‘Wear black’ campaign stirs up Thai social media
A campaign by a group of political activists to wear black on Thursday, His Majesty the King’s birthday, led to a controversy and triggered a trend on social media.
Small groups of black-clad demonstrators gathered at certain locations in Bangkok and Chiang Mai on Thursday. Supporters of the campaign appeared to be more active online, posting messages mainly on Twitter.
The messages contain the hashtag #28กคแต่งดําทั้งแผ่นดิน, which means “wearing black throughout the land on July 28”. It was among the top hashtags trending in Thailand, with over 200,000 tweets.
In Bangkok, protesters in black gathered at the Victory Monument and South Bangkok Criminal Court to protest what they described as injustice against defendants being detained for lese majeste.
At Chiang Mai University, a small group of black-clad students held a gathering they said was meant to mourn the deaths of Covid-19 victims in Thailand.
Police approached the demonstrators to confiscate their banners, which was opposed by the students. Police agreed not to seize the banners on the condition that they were not displayed outside the university’s compound.
On Tuesday, National Police chief Pol General Suwat Jangyodsuk instructed police officers across the country to keep an eye on activities to be held on Thursday in which participants wear black.
Political activist Nuttaa Mahattana on Thursday described as “fake news” a media report that police would arrest anyone who wear black on the day.

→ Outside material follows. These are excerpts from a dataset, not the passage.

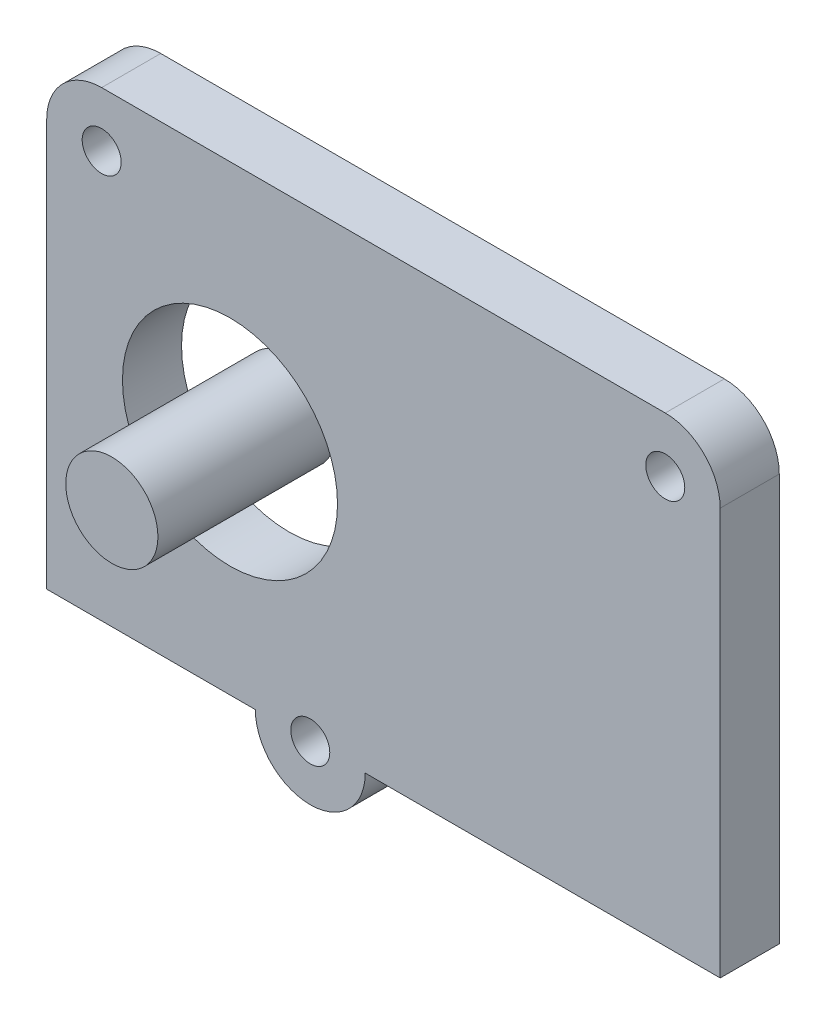
from build123d import *

# Parameters (mm, degrees)
SKETCH2_R           = 1.65
SKETCH2_R_2         = 9.1
BOSS_EXTRUDE2_DEPTH = 5
SKETCH2_4_R         = 3.9
BOSS_EXTRUDE3_DEPTH = 15


with BuildPart() as part:
    # Sketch2 → Boss-Extrude2 (new body)
    with BuildSketch(Plane.XY):
        with BuildLine():
            ThreePointArc((-21.785709294, 16.129042909), (-25.073755827, 14.767089441), (-26.435709294, 11.479042909))
            Line((-26.435709294, 11.479042909), (-26.435709294, -22.958085818))
            Line((-26.435709294, -22.958085818), (-8.778581412, -22.958085818))
            ThreePointArc((-8.778581412, -22.958085818), (-4.128581412, -27.608085818), (0.521418588, -22.958085818))
            Line((0.521418588, -22.958085818), (30.564290706, -22.958085818))
            Line((30.564290706, -22.958085818), (30.564290706, 3.208952553))
            Line((30.564290706, 3.208952553), (30.564290706, 11.479042909))
            ThreePointArc((30.564290706, 11.479042909), (29.202337238, 14.767089441), (25.914290706, 16.129042909))
            Line((25.914290706, 16.129042909), (-21.785709294, 16.129042909))
        make_face()
        with Locations((-4.128581412, -22.958085818)):
            Circle(SKETCH2_R, mode=Mode.SUBTRACT)
        with Locations((-10.924160063, -4.414013698)):
            Circle(SKETCH2_R_2, mode=Mode.SUBTRACT)
        with Locations((-21.785709294, 11.479042909)):
            Circle(SKETCH2_R, mode=Mode.SUBTRACT)
        with Locations((25.914290706, 11.479042909)):
            Circle(SKETCH2_R, mode=Mode.SUBTRACT)
    extrude(amount=BOSS_EXTRUDE2_DEPTH)


with BuildPart() as body_2:
    # Sketch2<4> → Boss-Extrude3 (new body)
    with BuildSketch(Plane.XY):
        with Locations((-10.924160063, -4.414013698)):
            Circle(SKETCH2_4_R)
    extrude(amount=BOSS_EXTRUDE3_DEPTH)


solid = Compound([part.part, body_2.part])
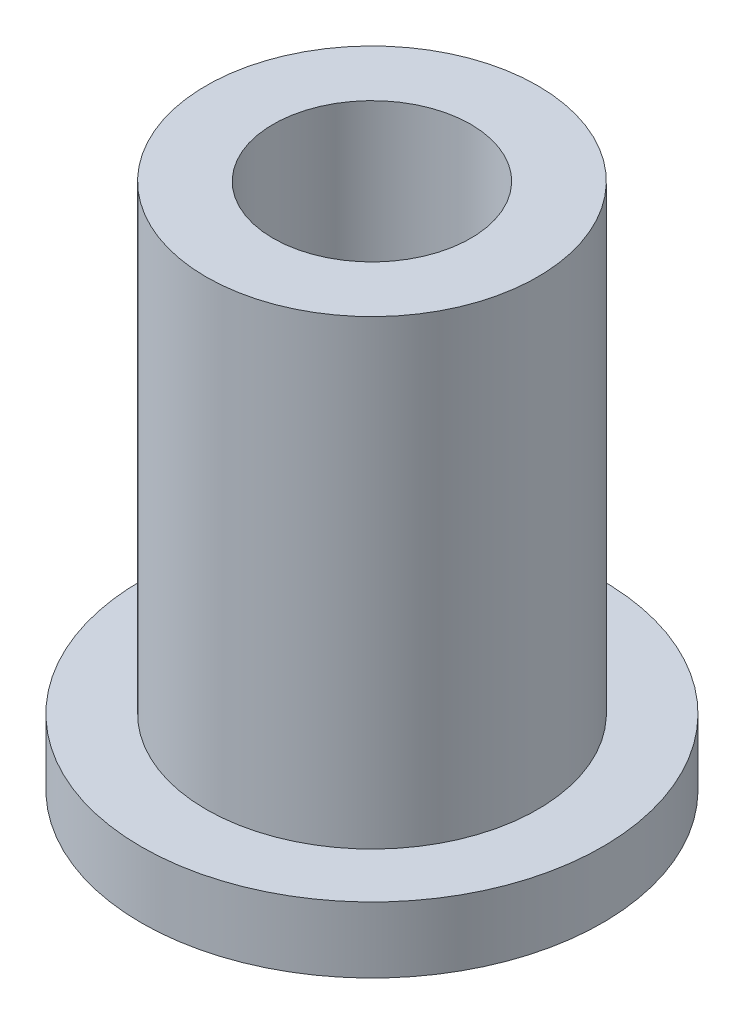
from build123d import *

# Parameters (mm, degrees)
SKETCH1_R           = 5.55625
BOSS_EXTRUDE1_DEPTH = 1.5875
SKETCH2_R           = 3.99415
BOSS_EXTRUDE2_DEPTH = 11.1125
SKETCH3_R           = 2.38125
CUT_EXTRUDE1_DEPTH  = 12.7


with BuildPart() as part:
    # Sketch1 → Boss-Extrude1 (new body)
    with BuildSketch(Plane(origin=(0, 0, 0), x_dir=(1, 0, 0), z_dir=(0, 1, 0))):
        with Locations(Location((0, 0, 0), (0, 0, 270))):
            Circle(SKETCH1_R)
    extrude(amount=BOSS_EXTRUDE1_DEPTH)

    # Sketch2 → Boss-Extrude2 (add)
    with BuildSketch(Plane(origin=(0, 1.5875, 0), x_dir=(1, 0, 0), z_dir=(0, 1, 0))):
        with Locations(Location((0, 0, 0), (0, 0, 270))):
            Circle(SKETCH2_R)
    extrude(amount=BOSS_EXTRUDE2_DEPTH)

    # Sketch3 → Cut-Extrude1 (cut)
    with BuildSketch(Plane(origin=(0, 12.7, 0), x_dir=(1, 0, 0), z_dir=(0, 1, 0))):
        with Locations(Location((0, 0, 0), (0, 0, 270))):
            Circle(SKETCH3_R)
    extrude(amount=-CUT_EXTRUDE1_DEPTH, mode=Mode.SUBTRACT)


solid = part.part
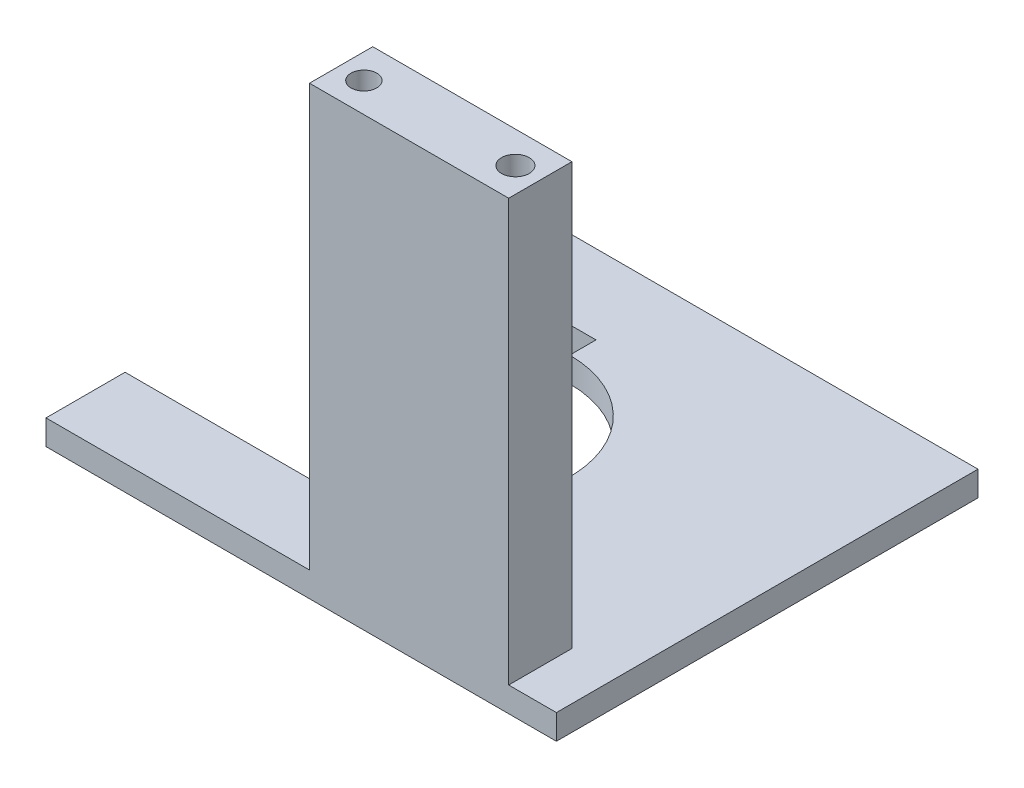
from build123d import *

# Parameters (mm, degrees)
BOSS_EXTRUDE1_DEPTH = 3
SKETCH2_W           = 24
SKETCH2_H           = 7.62
SKETCH2_R           = 1.551597038
SKETCH2_R_2         = 1.664454239
BOSS_EXTRUDE2_DEPTH = 50.8


with BuildPart() as part:
    # Sketch1 → Boss-Extrude1 (new body)
    with BuildSketch(Plane(origin=(0, 0, 0), x_dir=(1, 0, 0), z_dir=(0, 1, 0))):
        with BuildLine():
            Line((0, 0), (61.5, 0))
            Line((61.5, 0), (61.5, -50.8))
            Line((61.5, -50.8), (0, -50.8))
            Line((0, -50.8), (0, -41.275))
            Line((0, -41.275), (25, -41.275))
            Line((25, -41.275), (25, -38.1))
            ThreePointArc((25, -38.1), (37.7, -25.4), (25, -12.7))
            Line((25, -12.7), (25, -9.525))
            Line((25, -9.525), (0, -9.525))
            Line((0, -9.525), (0, 0))
        make_face()
    extrude(amount=BOSS_EXTRUDE1_DEPTH)

    # Sketch2 → Boss-Extrude2 (add)
    with BuildSketch(Plane(origin=(0, 3, 0), x_dir=(1, 0, 0), z_dir=(0, 1, 0))):
        with Locations((43.75, -46.99)):
            Rectangle(SKETCH2_W, SKETCH2_H)
        with Locations(Location((34.75, -47.245142262, 0), (0, 0, 270))):
            Circle(SKETCH2_R, mode=Mode.SUBTRACT)
        with Locations(Location((52.748191643, -46.99, 0), (0, 0, 270))):
            Circle(SKETCH2_R_2, mode=Mode.SUBTRACT)
    extrude(amount=BOSS_EXTRUDE2_DEPTH)


solid = part.part

“It depends on your taste whenever you want to wear black. But I wonder why fake news was released that police would arrest anyone who wears black. Many people believed that,” Nuttaa wrote in her tweet.
Meanwhile, MC Julajerm Yukol, a royalist who is a part of the Royal Family, said that the campaign to wear black on the King’s birthday was like “stomping on the hearts of Thais throughout the Kingdom”.